Technische Daten über die Maus hab ich keine.

MfG Black


----------



## spectrumizer (17. August 2008)

Andere Maus testen. Ist das Problem immernoch -> Einstellungssache. Ist das Problem weg -> Hardwaresache (Wackelkontakt beim Rad vlt).


----------



## Blacktempel (17. August 2008)

spectrumizer schrieb:


> Andere Maus testen. Ist das Problem immernoch -> Einstellungssache. Ist das Problem weg -> Hardwaresache (Wackelkontakt beim Rad vlt).




Mit anderen Mäusen tritt das Problem auch auf, wo sind denn die passenden Einstellungen?


----------



## spectrumizer (17. August 2008)

- Start -> Systemsteuerung -> Maus zB.


----------



## Blacktempel (18. August 2008)

spectrumizer schrieb:


> - Start -> Systemsteuerung -> Maus zB.




Hmm hat nix gebracht cry.gif


----------



## spectrumizer (18. August 2008)

Dann versuch mal, die Maus aus dem Gerätemanager zu deinstallieren. Dann mal Windows neu starten und weiterschauen. 
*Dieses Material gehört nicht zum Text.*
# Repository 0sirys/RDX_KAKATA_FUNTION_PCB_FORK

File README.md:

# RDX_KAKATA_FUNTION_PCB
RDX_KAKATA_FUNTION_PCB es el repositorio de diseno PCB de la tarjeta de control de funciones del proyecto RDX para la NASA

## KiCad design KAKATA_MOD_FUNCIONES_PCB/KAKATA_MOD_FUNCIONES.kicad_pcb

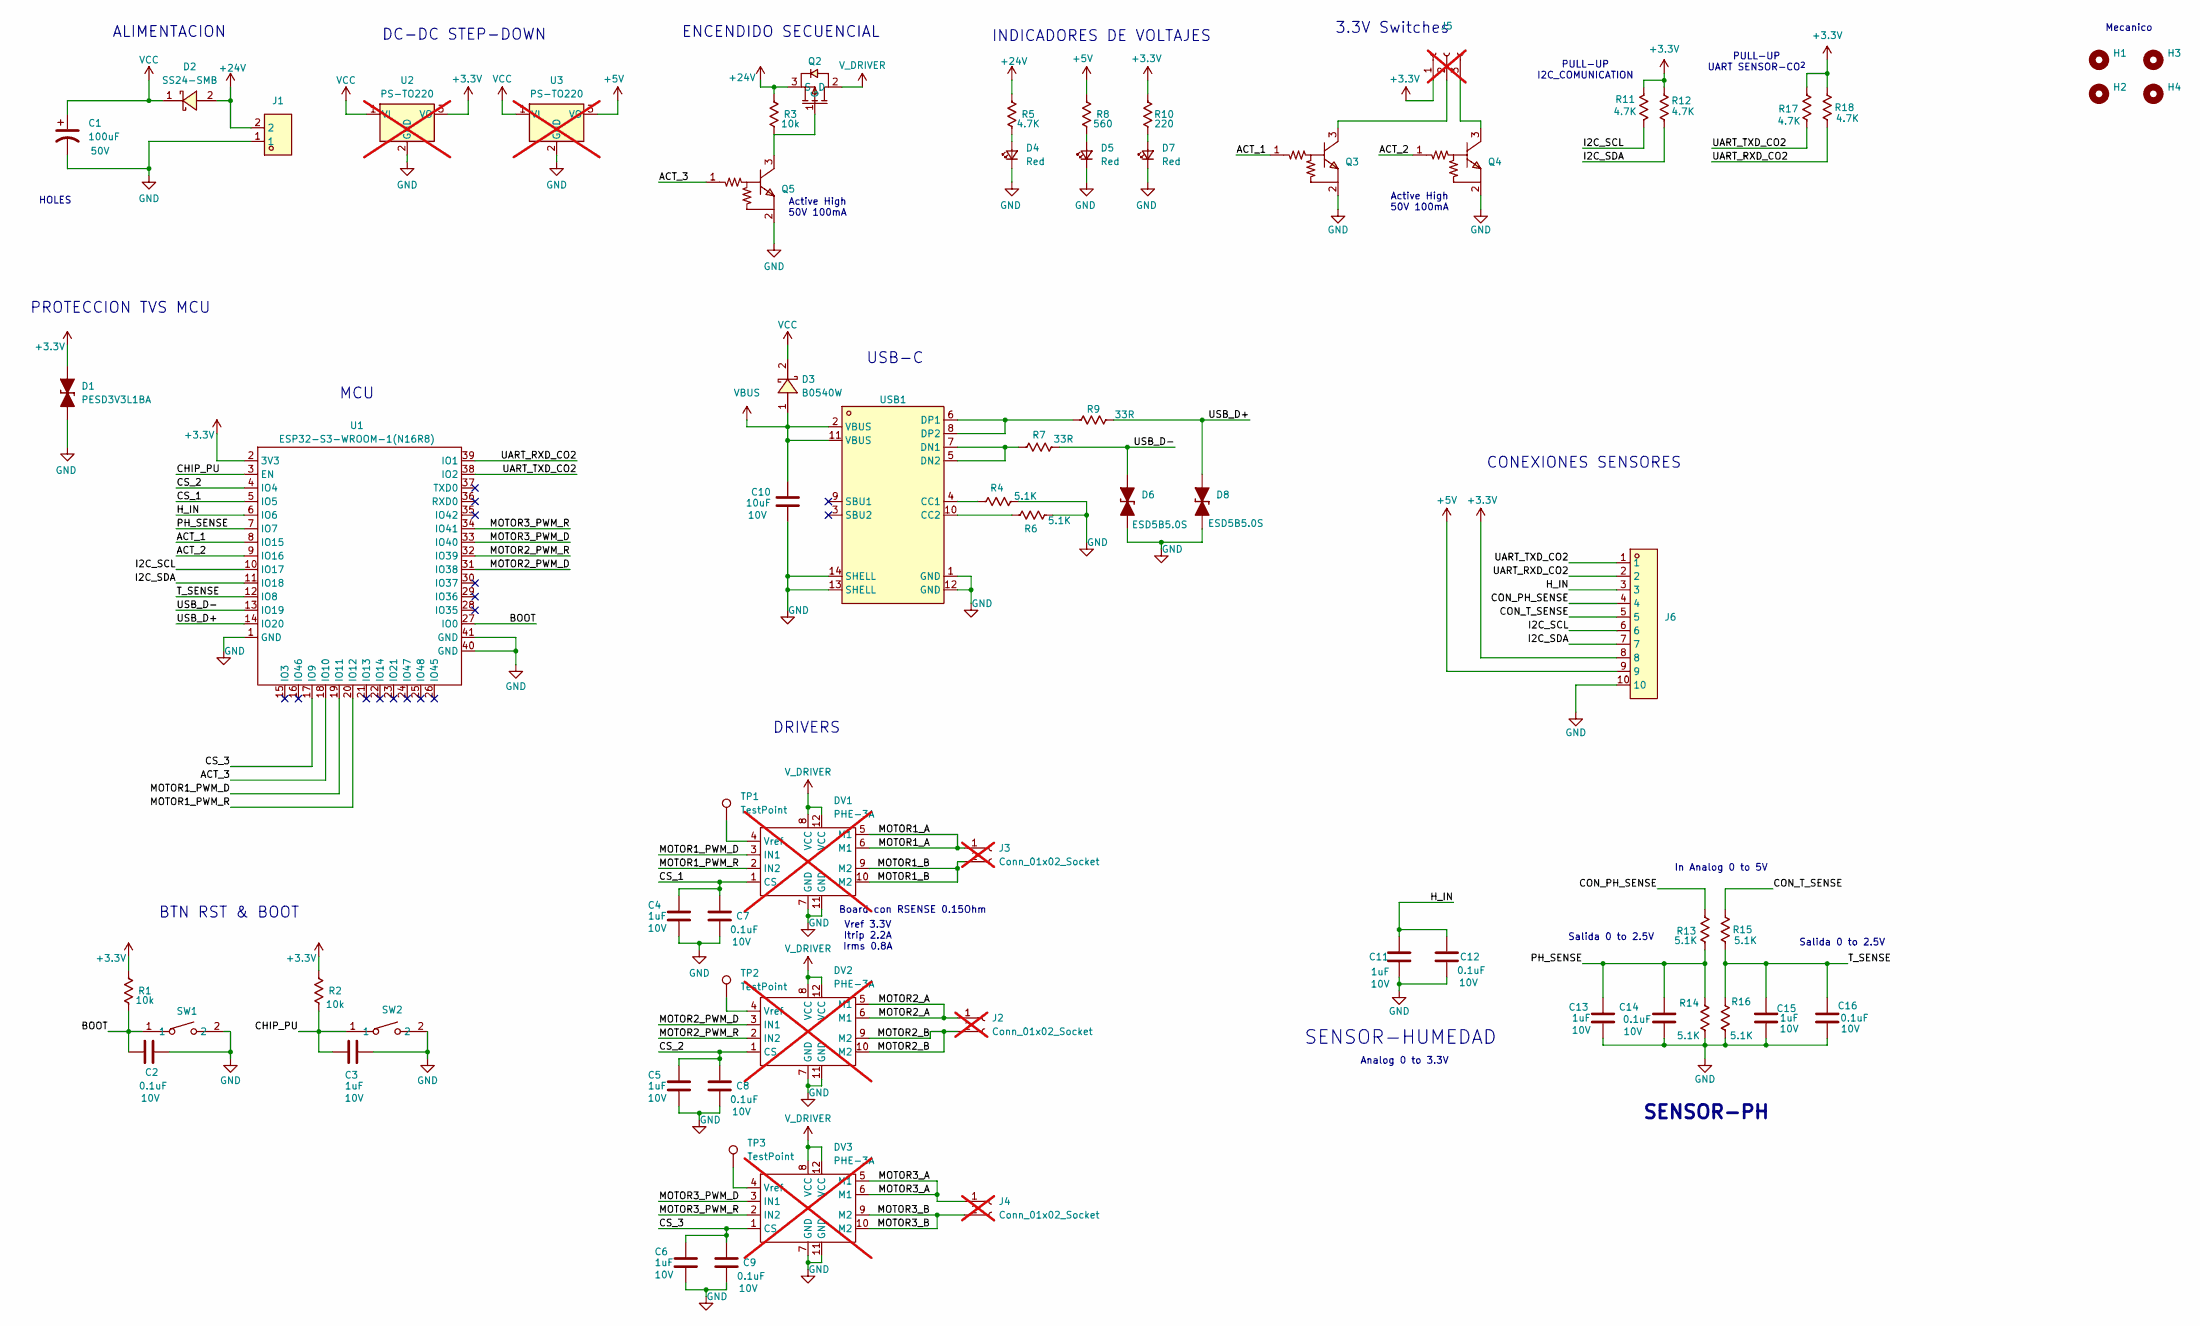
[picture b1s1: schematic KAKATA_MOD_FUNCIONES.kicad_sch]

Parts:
C1: 100uF; CAP-SMD_BD6.3-L6.6-W6.6-LS7.2-FD; LCSC Part C3151829
C2, C7, C8, C9, C12, C14, C16: 0.1uF; C0603; Voltage 10V; LCSC Part C14663
C3, C4, C5, C6, C11, C13, C15: 1uF; C0603; Voltage 10V; LCSC Part C113807
C10: 10uF; C0805; Voltage 10V; LCSC Part C88484
D1: PESD3V3L1BA; D_SOD-323
D2: SS24-SMB; SMB_L4.3-W3.6-LS5.3-RD; MPN SS24-SMB; LCSC Part C908683
D3: B0540W; SOD-123_L2.7-W1.6-LS3.7-FD; MPN B0540W; LCSC Part C7420325
D4, D5, D7: Red; LED_0201_0603Metric_Pad0.64x0.40mm_HandSolder; LCSC Part C965799
D6, D8: ESD5B5.0S; D_SOD-523; LCSC Part C93623
DV1, DV2, DV3: PHE-3A; not fitted
H1, H2, H3, H4: MountingHole; MountingHole_2.2mm_M2
J1: DB128L-5.08-2P-BK-S; CONN-TH_2P-P5.08_DB128L-5.08-2P-BK-S; LCSC Part C430601
J2, J3, J4: Conn_01x02_Socket; Molex_KK-254_AE-6410-02A_1x02_P2.54mm_Vertical; not fitted
J5: Conn_01x03_Socket; Molex_KK-254_AE-6410-03A_1x03_P2.54mm_Vertical; not fitted
J6: DB125-2.54-10P-GN; CONN-TH_DB125-2.54-10P-GN; LCSC Part C918128
Q2: AOD4185_C400894; TO-252-3_L6.6-W6.1-P4.57-LS9.9-BR-CW; MPN AOD4185; LCSC Part C400894
Q3, Q4, Q5: MMUN2215LT1G; SOT-23-3_L2.9-W1.3-P1.90-LS2.4-BR; MPN MMUN2215LT1G; LCSC Part C232613
R1, R2, R3: 10k; R0603; LCSC Part C98220
R4, R6, R13, R14, R15, R16: 5.1K; R0603; LCSC Part C105580
R5, R11, R12, R17, R18: 4.7K; R0603; LCSC Part C99782
R7, R9: 33R; R0603; LCSC Part C126353
R8: 560; R0603; LCSC Part C114629
R10: 220; R0603; LCSC Part C107696
SW1, SW2: TS-1088-AR02016; SW-SMD_L3.9-W3.0-P4.45; MPN TS-1088-AR02016; LCSC Part C720477
TP1, TP2, TP3: TestPoint; TestPoint_Pad_D2.0mm
U1: ESP32-S3-WROOM-1(N16R8); WIRELM-SMD_ESP32-S3-WROOM-1; LCSC Part C2913204
U2, U3: PS-TO220; PS-TO-220-3_Vertical; not fitted
USB1: TYPE-C 16PIN 2MD; USB-C-SMD_TYPE-C-6PIN-2MD-073; MPN TYPE-C 16PIN 2MD(073); LCSC Part C2765186

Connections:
+3.3V: D1.2 (A), J5.1, J6.8, R1.1, R2.1, R10.1, R11.1, R12.1, R17.1, R18.1, U1.2 (3V3), U2.3 (VO)
+5V: J6.9, R8.1, U3.3 (VO)
+24V: D2.2, J1.2, Q2.3 (S), R3.1, R5.1
/ACT_1: Q3.1, U1.8 (IO15)
/ACT_2: Q4.1, U1.9 (IO16)
/ACT_3: Q5.1, U1.18 (IO10)
/BOOT: C2.1, R1.2, SW1.1, U1.27 (IO0)
/CHIP_PU: C3.2, R2.2, SW2.1, U1.3 (EN)
/CON_PH_SENSE: J6.4, R13.1
/CON_T_SENSE: J6.5, R15.1
/CS_1: C4.2, C7.1, DV1.1 (CS), U1.5 (IO5)
/CS_2: C5.2, C8.1, DV2.1 (CS), U1.4 (IO4)
/CS_3: C6.2, C9.1, DV3.1 (CS), U1.17 (IO9)
/H_IN: C11.2, C12.1, J6.3, U1.6 (IO6)
/I2C_SCL: J6.6, R11.2, U1.10 (IO17)
/I2C_SDA: J6.7, R12.2, U1.11 (IO18)
/MOTOR1_A: DV1.5 (M1), DV1.6 (M1), J3.1
/MOTOR1_B: DV1.9 (M2), DV1.10 (M2), J3.2
/MOTOR1_PWM_D: DV1.3 (IN1), U1.19 (IO11)
/MOTOR1_PWM_R: DV1.2 (IN2), U1.20 (IO12)
/MOTOR2_A: DV2.5 (M1), DV2.6 (M1), J2.1
/MOTOR2_B: DV2.9 (M2), DV2.10 (M2), J2.2
/MOTOR2_PWM_D: DV2.3 (IN1), U1.31 (IO38)
/MOTOR2_PWM_R: DV2.2 (IN2), U1.32 (IO39)
/MOTOR3_A: DV3.5 (M1), DV3.6 (M1), J4.1
/MOTOR3_B: DV3.9 (M2), DV3.10 (M2), J4.2
/MOTOR3_PWM_D: DV3.3 (IN1), U1.33 (IO40)
/MOTOR3_PWM_R: DV3.2 (IN2), U1.34 (IO41)
/PH_SENSE: C13.2, C14.2, R13.2, R14.1, U1.7 (IO7)
/T_SENSE: C15.2, C16.2, R15.2, R16.1, U1.12 (IO8)
/UART_RXD_CO2: J6.2, R18.2, U1.39 (IO1)
/UART_TXD_CO2: J6.1, R17.2, U1.38 (IO2)
/USB_D+: D8.2 (A), R9.2, U1.14 (IO20)
/USB_D-: D6.2 (A), R7.2, U1.13 (IO19)
GND: C1.2, C2.2, C3.1, C4.1, C5.1, C6.1, C7.2, C8.2, C9.2, C10.2, C11.1, C12.2, C13.1, C14.1, C15.1, C16.1, D1.1 (K), D4.1 (K), D5.1 (K), D6.1 (K), D7.1 (K), D8.1 (K), DV1.7 (GND), DV1.11 (GND), DV2.7 (GND), DV2.11 (GND), DV3.7 (GND), DV3.11 (GND), J1.1, J6.10, Q3.2, Q4.2, Q5.2, R4.2, R6.2, R14.2, R16.2, SW1.2, SW2.2, U1.1 (GND), U1.40 (GND), U1.41 (GND), U2.2 (GND), U3.2 (GND), USB1.1 (GND), USB1.12 (GND), USB1.13 (SHELL), USB1.14 (SHELL)
unnamed: D4.2 (A), R5.2
unnamed: D5.2 (A), R8.2
unnamed: D7.2 (A), R10.2
unnamed: DV1.4 (Vref), TP1.1 (1_1)
unnamed: DV2.4 (Vref), TP2.1 (1_1)
unnamed: DV3.4 (Vref), TP3.1 (1_1)
unnamed: J5.2, Q3.3
unnamed: J5.3, Q4.3
unnamed: Q2.1 (G), Q5.3, R3.2
unnamed: R4.1, USB1.4 (CC1)
unnamed: R6.1, USB1.10 (CC2)
unnamed: R7.1, USB1.5 (DN2), USB1.7 (DN1)
unnamed: R9.1, USB1.6 (DP1), USB1.8 (DP2)
VBUS: C10.1, D3.1, USB1.2 (VBUS), USB1.11 (VBUS)
VCC: C1.1, D2.1, D3.2, U2.1 (VI), U3.1 (VI)
V_DRIVER: DV1.8 (VCC), DV1.12 (VCC), DV2.8 (VCC), DV2.12 (VCC), DV3.8 (VCC), DV3.12 (VCC), Q2.2 (D)

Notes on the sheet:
3.3V Switches
Analog 0 to 3.3V
Active High 50V 100mA
USB-C
Salida 0 to 2.5V
ENCENDIDO SECUENCIAL
SENSOR-PH
PULL-UP UART SENSOR-CO^{2}
HOLES
SENSOR-HUMEDAD
ALIMENTACION
DRIVERS
INDICADORES DE VOLTAJES
MCU
PROTECCION TVS MCU
Vref 3.3V Itrip 2.2A Irms 0.8A
PULL-UP I2C_COMUNICATION
Board con RSENSE 0.15Ohm
Mecanico
In Analog 0 to 5V
CONEXIONES SENSORES
BTN RST & BOOT
DC-DC STEP-DOWN

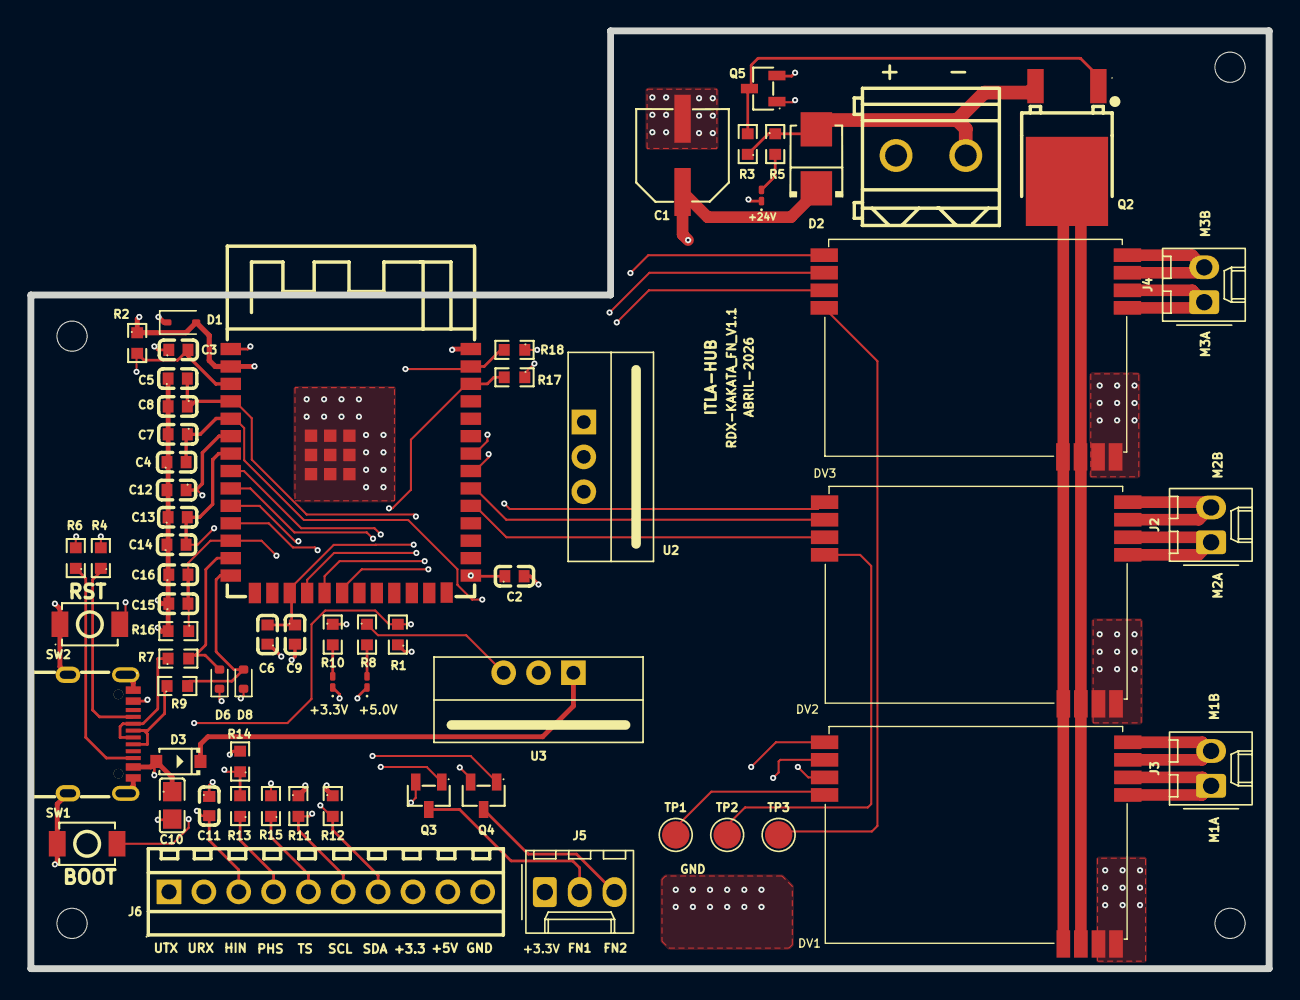
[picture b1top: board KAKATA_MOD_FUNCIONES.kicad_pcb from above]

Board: 4 copper layers, 90.2 x 68.3 mm, 68 parts (0 on the bottom side), 51 nets.

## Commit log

2026-03-06 Version RC1 Componentes verificados y BOM terminados
2026-04-26 Btn's BOOT y RST agregados. Encendido secuencial implementado

			Dieser Inhalt steht nur eingeloggten Mitgliedern zur Verfügung.


----------



## Blacktempel (18. August 2008)

spectrumizer schrieb:


> Dann versuch mal, die Maus aus dem Gerätemanager zu deinstallieren. Dann mal Windows neu starten und weiterschauen.
> 
> 
> Dieser Inhalt steht nur eingeloggten Mitgliedern zur Verfügung.




Höööh... welche Maus ist die richtige? Einmal is die laptop-touchdings maus und einmal die maus die Ruckelt, im geräte manager sieht das so aus:

Alps-pointing device
HID-konforme Maus
HID-konforme Maus


----------



## spectrumizer (18. August 2008)

Wenn du 'ne Maus dran hast, würde ich das Touchpad im BIOS deaktivieren. Sonst einfach mal alles aus dem Knoten da löschen und neustarten. Kaputt machste damit nix.


----------



## Blacktempel (18. August 2008)

spectrumizer schrieb:


> Wenn du 'ne Maus dran hast, würde ich das Touchpad im BIOS deaktivieren. Sonst einfach mal alles aus dem Knoten da löschen und neustarten. Kaputt machste damit nix.




Hat nix gebracht  


			Dieser Inhalt steht nur eingeloggten Mitgliedern zur Verfügung.


----------



## Asoriel (24. August 2008)

ich weiß nicht ob das Problem noch besteht, aber falls ja versuch mal nen neuen Grafiktreiber. Ich hab das selbe wie du beschreibst immer nachdem ich mein System neu aufgesetzt habe und noch keine Treiber drauf sind. Falls es behoben wurde wäre es nett, wenn du schreibst wie du es geschafft hast.


----------



## BLUEYE (24. August 2008)

Asoriel schrieb:


> ich weiß nicht ob das Problem noch besteht, aber falls ja versuch mal nen neuen Grafiktreiber. Ich hab das selbe wie du beschreibst immer nachdem ich mein System neu aufgesetzt habe und noch keine Treiber drauf sind. Falls es behoben wurde wäre es nett, wenn du schreibst wie du es geschafft hast.



Bei mir das selbe, neuer Treiber hat bei mir immer geholfen.


----------